> MATERIALS PROVIDED:
+++

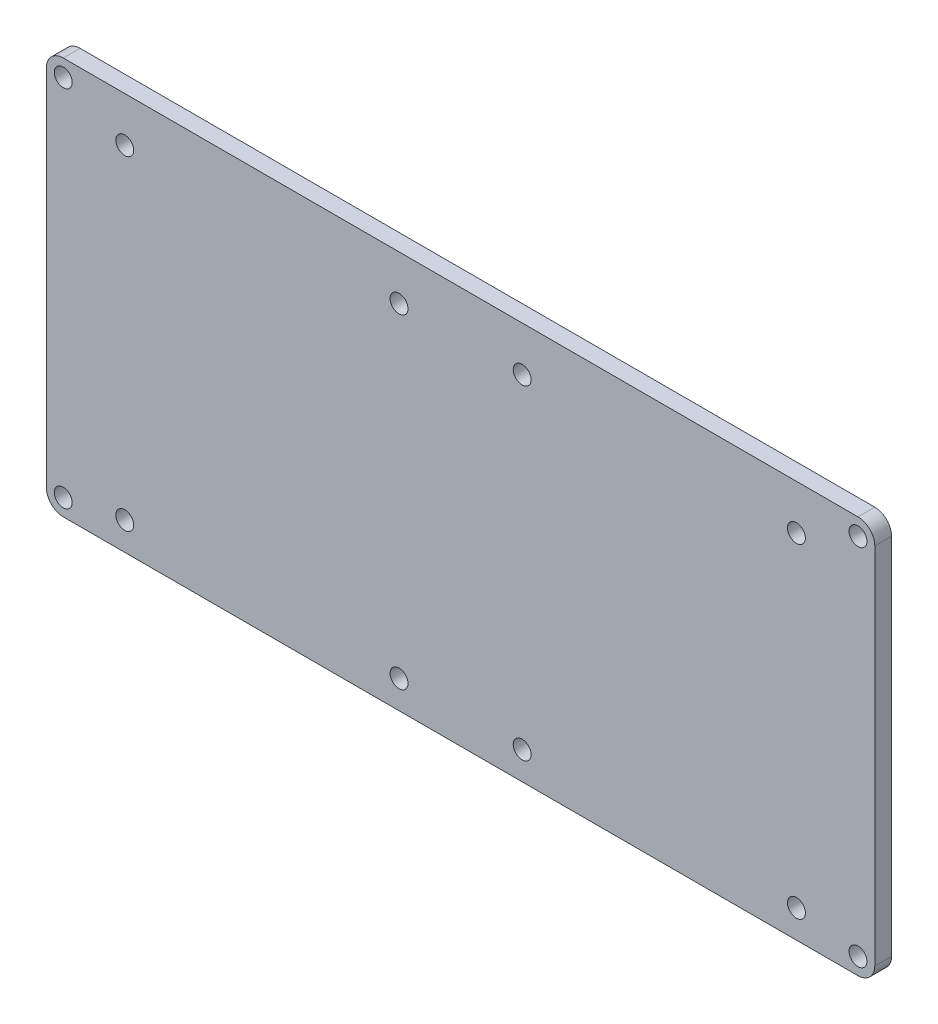
ISO-10303-21;
HEADER;
FILE_DESCRIPTION(('STEP AP214'),'2;1');
FILE_NAME('part.step','',(''),(''),'','','');
FILE_SCHEMA(('AUTOMOTIVE_DESIGN { 1 0 10303 214 1 1 1 1 }'));
ENDSEC;
DATA;
#1=APPLICATION_CONTEXT('core data for automotive mechanical design processes');
#2=APPLICATION_PROTOCOL_DEFINITION('international standard','automotive_design',2000,#1);
#3=PRODUCT_CONTEXT('',#1,'mechanical');
#4=PRODUCT('Part','Part','',(#3));
#5=PRODUCT_RELATED_PRODUCT_CATEGORY('part','',(#4));
#6=PRODUCT_DEFINITION_FORMATION('','',#4);
#7=PRODUCT_DEFINITION_CONTEXT('part definition',#1,'design');
#8=PRODUCT_DEFINITION('design','',#6,#7);
#9=PRODUCT_DEFINITION_SHAPE('','',#8);
#10=(LENGTH_UNIT() NAMED_UNIT(*) SI_UNIT(.MILLI.,.METRE.));
#11=(NAMED_UNIT(*) PLANE_ANGLE_UNIT() SI_UNIT($,.RADIAN.));
#12=(NAMED_UNIT(*) SI_UNIT($,.STERADIAN.) SOLID_ANGLE_UNIT());
#13=UNCERTAINTY_MEASURE_WITH_UNIT(LENGTH_MEASURE(1.E-05),#10,'distance_accuracy_value','');
#14=(GEOMETRIC_REPRESENTATION_CONTEXT(3) GLOBAL_UNCERTAINTY_ASSIGNED_CONTEXT((#13)) GLOBAL_UNIT_ASSIGNED_CONTEXT((#10,
#11,#12)) REPRESENTATION_CONTEXT('',''));
#15=CARTESIAN_POINT('',(0.,0.,0.));
#16=DIRECTION('',(0.,0.,1.));
#17=DIRECTION('',(1.,0.,0.));
#18=AXIS2_PLACEMENT_3D('',#15,#16,#17);
#19=CARTESIAN_POINT('',(3.,3.,3.));
#20=DIRECTION('',(0.,0.,1.));
#21=DIRECTION('',(1.,0.,0.));
#22=AXIS2_PLACEMENT_3D('',#19,#20,#21);
#23=PLANE('',#22);
#24=CARTESIAN_POINT('',(133.999999999999,5.,3.));
#25=DIRECTION('',(0.,0.,1.));
#26=DIRECTION('',(-1.,0.,0.));
#27=AXIS2_PLACEMENT_3D('',#24,#25,#26);
#28=CIRCLE('',#27,1.59999999999999);
#29=CARTESIAN_POINT('',(132.399999999999,5.,3.));
#30=VERTEX_POINT('',#29);
#31=EDGE_CURVE('E236',#30,#30,#28,.T.);
#32=ORIENTED_EDGE('',*,*,#31,.F.);
#33=EDGE_LOOP('',(#32));
#34=FACE_BOUND('',#33,.T.);
#35=CARTESIAN_POINT('',(85.,63.,3.));
#36=DIRECTION('',(0.,0.,1.));
#37=DIRECTION('',(-1.,0.,0.));
#38=AXIS2_PLACEMENT_3D('',#35,#36,#37);
#39=CIRCLE('',#38,1.60000000000001);
#40=CARTESIAN_POINT('',(83.4,63.,3.));
#41=VERTEX_POINT('',#40);
#42=EDGE_CURVE('E224',#41,#41,#39,.T.);
#43=ORIENTED_EDGE('',*,*,#42,.F.);
#44=EDGE_LOOP('',(#43));
#45=FACE_BOUND('',#44,.T.);
#46=CARTESIAN_POINT('',(63.0000000000006,5.,3.));
#47=DIRECTION('',(0.,0.,1.));
#48=DIRECTION('',(1.,0.,0.));
#49=AXIS2_PLACEMENT_3D('',#46,#47,#48);
#50=CIRCLE('',#49,1.60000000000001);
#51=CARTESIAN_POINT('',(64.6000000000006,5.,3.));
#52=VERTEX_POINT('',#51);
#53=EDGE_CURVE('E212',#52,#52,#50,.T.);
#54=ORIENTED_EDGE('',*,*,#53,.F.);
#55=EDGE_LOOP('',(#54));
#56=FACE_BOUND('',#55,.T.);
#57=CARTESIAN_POINT('',(2.99999999999978,68.,3.));
#58=DIRECTION('',(0.,0.,1.));
#59=DIRECTION('',(1.,0.,0.));
#60=AXIS2_PLACEMENT_3D('',#57,#58,#59);
#61=CIRCLE('',#60,1.6);
#62=CARTESIAN_POINT('',(4.59999999999977,68.,3.));
#63=VERTEX_POINT('',#62);
#64=EDGE_CURVE('E200',#63,#63,#61,.T.);
#65=ORIENTED_EDGE('',*,*,#64,.F.);
#66=EDGE_LOOP('',(#65));
#67=FACE_BOUND('',#66,.T.);
#68=CARTESIAN_POINT('',(145.,3.,3.));
#69=DIRECTION('',(0.,0.,1.));
#70=DIRECTION('',(1.,0.,0.));
#71=AXIS2_PLACEMENT_3D('',#68,#69,#70);
#72=CIRCLE('',#71,1.59999999999999);
#73=CARTESIAN_POINT('',(146.6,3.,3.));
#74=VERTEX_POINT('',#73);
#75=EDGE_CURVE('E188',#74,#74,#72,.T.);
#76=ORIENTED_EDGE('',*,*,#75,.F.);
#77=EDGE_LOOP('',(#76));
#78=FACE_BOUND('',#77,.T.);
#79=CARTESIAN_POINT('',(3.,3.,3.));
#80=DIRECTION('',(0.,0.,1.));
#81=DIRECTION('',(1.,0.,0.));
#82=AXIS2_PLACEMENT_3D('',#79,#80,#81);
#83=CIRCLE('',#82,1.6);
#84=CARTESIAN_POINT('',(4.6,3.,3.));
#85=VERTEX_POINT('',#84);
#86=EDGE_CURVE('E134',#85,#85,#83,.T.);
#87=ORIENTED_EDGE('',*,*,#86,.F.);
#88=EDGE_LOOP('',(#87));
#89=FACE_BOUND('',#88,.T.);
#90=CARTESIAN_POINT('',(3.,3.,3.));
#91=DIRECTION('',(0.,0.,1.));
#92=DIRECTION('',(1.,0.,0.));
#93=AXIS2_PLACEMENT_3D('',#90,#91,#92);
#94=CIRCLE('',#93,3.);
#95=CARTESIAN_POINT('',(0.,3.00000000000002,3.));
#96=VERTEX_POINT('',#95);
#97=CARTESIAN_POINT('',(3.00000000000002,0.,3.));
#98=VERTEX_POINT('',#97);
#99=EDGE_CURVE('E145',#96,#98,#94,.T.);
#100=ORIENTED_EDGE('',*,*,#99,.T.);
#101=DIRECTION('',(1.,0.,0.));
#102=VECTOR('',#101,1.);
#103=CARTESIAN_POINT('',(3.00000000000002,0.,3.));
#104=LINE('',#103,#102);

+++

> PROBLEM STATEMENT:
Return to the listing above and set it down exactly, leaving out its pictures.

> ANSWER AREA:
ISO-10303-21;
HEADER;
FILE_DESCRIPTION(('STEP AP214'),'2;1');
FILE_NAME('part.step','',(''),(''),'','','');
FILE_SCHEMA(('AUTOMOTIVE_DESIGN { 1 0 10303 214 1 1 1 1 }'));
ENDSEC;
DATA;
#1=APPLICATION_CONTEXT('core data for automotive mechanical design processes');
#2=APPLICATION_PROTOCOL_DEFINITION('international standard','automotive_design',2000,#1);
#3=PRODUCT_CONTEXT('',#1,'mechanical');
#4=PRODUCT('Part','Part','',(#3));
#5=PRODUCT_RELATED_PRODUCT_CATEGORY('part','',(#4));
#6=PRODUCT_DEFINITION_FORMATION('','',#4);
#7=PRODUCT_DEFINITION_CONTEXT('part definition',#1,'design');
#8=PRODUCT_DEFINITION('design','',#6,#7);
#9=PRODUCT_DEFINITION_SHAPE('','',#8);
#10=(LENGTH_UNIT() NAMED_UNIT(*) SI_UNIT(.MILLI.,.METRE.));
#11=(NAMED_UNIT(*) PLANE_ANGLE_UNIT() SI_UNIT($,.RADIAN.));
#12=(NAMED_UNIT(*) SI_UNIT($,.STERADIAN.) SOLID_ANGLE_UNIT());
#13=UNCERTAINTY_MEASURE_WITH_UNIT(LENGTH_MEASURE(1.E-05),#10,'distance_accuracy_value','');
#14=(GEOMETRIC_REPRESENTATION_CONTEXT(3) GLOBAL_UNCERTAINTY_ASSIGNED_CONTEXT((#13)) GLOBAL_UNIT_ASSIGNED_CONTEXT((#10,
#11,#12)) REPRESENTATION_CONTEXT('',''));
#15=CARTESIAN_POINT('',(0.,0.,0.));
#16=DIRECTION('',(0.,0.,1.));
#17=DIRECTION('',(1.,0.,0.));
#18=AXIS2_PLACEMENT_3D('',#15,#16,#17);
#19=CARTESIAN_POINT('',(3.,3.,3.));
#20=DIRECTION('',(0.,0.,1.));
#21=DIRECTION('',(1.,0.,0.));
#22=AXIS2_PLACEMENT_3D('',#19,#20,#21);
#23=PLANE('',#22);
#24=CARTESIAN_POINT('',(133.999999999999,5.,3.));
#25=DIRECTION('',(0.,0.,1.));
#26=DIRECTION('',(-1.,0.,0.));
#27=AXIS2_PLACEMENT_3D('',#24,#25,#26);
#28=CIRCLE('',#27,1.59999999999999);
#29=CARTESIAN_POINT('',(132.399999999999,5.,3.));
#30=VERTEX_POINT('',#29);
#31=EDGE_CURVE('E236',#30,#30,#28,.T.);
#32=ORIENTED_EDGE('',*,*,#31,.F.);
#33=EDGE_LOOP('',(#32));
#34=FACE_BOUND('',#33,.T.);
#35=CARTESIAN_POINT('',(85.,63.,3.));
#36=DIRECTION('',(0.,0.,1.));
#37=DIRECTION('',(-1.,0.,0.));
#38=AXIS2_PLACEMENT_3D('',#35,#36,#37);
#39=CIRCLE('',#38,1.60000000000001);
#40=CARTESIAN_POINT('',(83.4,63.,3.));
#41=VERTEX_POINT('',#40);
#42=EDGE_CURVE('E224',#41,#41,#39,.T.);
#43=ORIENTED_EDGE('',*,*,#42,.F.);
#44=EDGE_LOOP('',(#43));
#45=FACE_BOUND('',#44,.T.);
#46=CARTESIAN_POINT('',(63.0000000000006,5.,3.));
#47=DIRECTION('',(0.,0.,1.));
#48=DIRECTION('',(1.,0.,0.));
#49=AXIS2_PLACEMENT_3D('',#46,#47,#48);
#50=CIRCLE('',#49,1.60000000000001);
#51=CARTESIAN_POINT('',(64.6000000000006,5.,3.));
#52=VERTEX_POINT('',#51);
#53=EDGE_CURVE('E212',#52,#52,#50,.T.);
#54=ORIENTED_EDGE('',*,*,#53,.F.);
#55=EDGE_LOOP('',(#54));
#56=FACE_BOUND('',#55,.T.);
#57=CARTESIAN_POINT('',(2.99999999999978,68.,3.));
#58=DIRECTION('',(0.,0.,1.));
#59=DIRECTION('',(1.,0.,0.));
#60=AXIS2_PLACEMENT_3D('',#57,#58,#59);
#61=CIRCLE('',#60,1.6);
#62=CARTESIAN_POINT('',(4.59999999999977,68.,3.));
#63=VERTEX_POINT('',#62);
#64=EDGE_CURVE('E200',#63,#63,#61,.T.);
#65=ORIENTED_EDGE('',*,*,#64,.F.);
#66=EDGE_LOOP('',(#65));
#67=FACE_BOUND('',#66,.T.);
#68=CARTESIAN_POINT('',(145.,3.,3.));
#69=DIRECTION('',(0.,0.,1.));
#70=DIRECTION('',(1.,0.,0.));
#71=AXIS2_PLACEMENT_3D('',#68,#69,#70);
#72=CIRCLE('',#71,1.59999999999999);
#73=CARTESIAN_POINT('',(146.6,3.,3.));
#74=VERTEX_POINT('',#73);
#75=EDGE_CURVE('E188',#74,#74,#72,.T.);
#76=ORIENTED_EDGE('',*,*,#75,.F.);
#77=EDGE_LOOP('',(#76));
#78=FACE_BOUND('',#77,.T.);
#79=CARTESIAN_POINT('',(3.,3.,3.));
#80=DIRECTION('',(0.,0.,1.));
#81=DIRECTION('',(1.,0.,0.));
#82=AXIS2_PLACEMENT_3D('',#79,#80,#81);
#83=CIRCLE('',#82,1.6);
#84=CARTESIAN_POINT('',(4.6,3.,3.));
#85=VERTEX_POINT('',#84);
#86=EDGE_CURVE('E134',#85,#85,#83,.T.);
#87=ORIENTED_EDGE('',*,*,#86,.F.);
#88=EDGE_LOOP('',(#87));
#89=FACE_BOUND('',#88,.T.);
#90=CARTESIAN_POINT('',(3.,3.,3.));
#91=DIRECTION('',(0.,0.,1.));
#92=DIRECTION('',(1.,0.,0.));
#93=AXIS2_PLACEMENT_3D('',#90,#91,#92);
#94=CIRCLE('',#93,3.);
#95=CARTESIAN_POINT('',(0.,3.00000000000002,3.));
#96=VERTEX_POINT('',#95);
#97=CARTESIAN_POINT('',(3.00000000000002,0.,3.));
#98=VERTEX_POINT('',#97);
#99=EDGE_CURVE('E145',#96,#98,#94,.T.);
#100=ORIENTED_EDGE('',*,*,#99,.T.);
#101=DIRECTION('',(1.,0.,0.));
#102=VECTOR('',#101,1.);
#103=CARTESIAN_POINT('',(3.00000000000002,0.,3.));
#104=LINE('',#103,#102);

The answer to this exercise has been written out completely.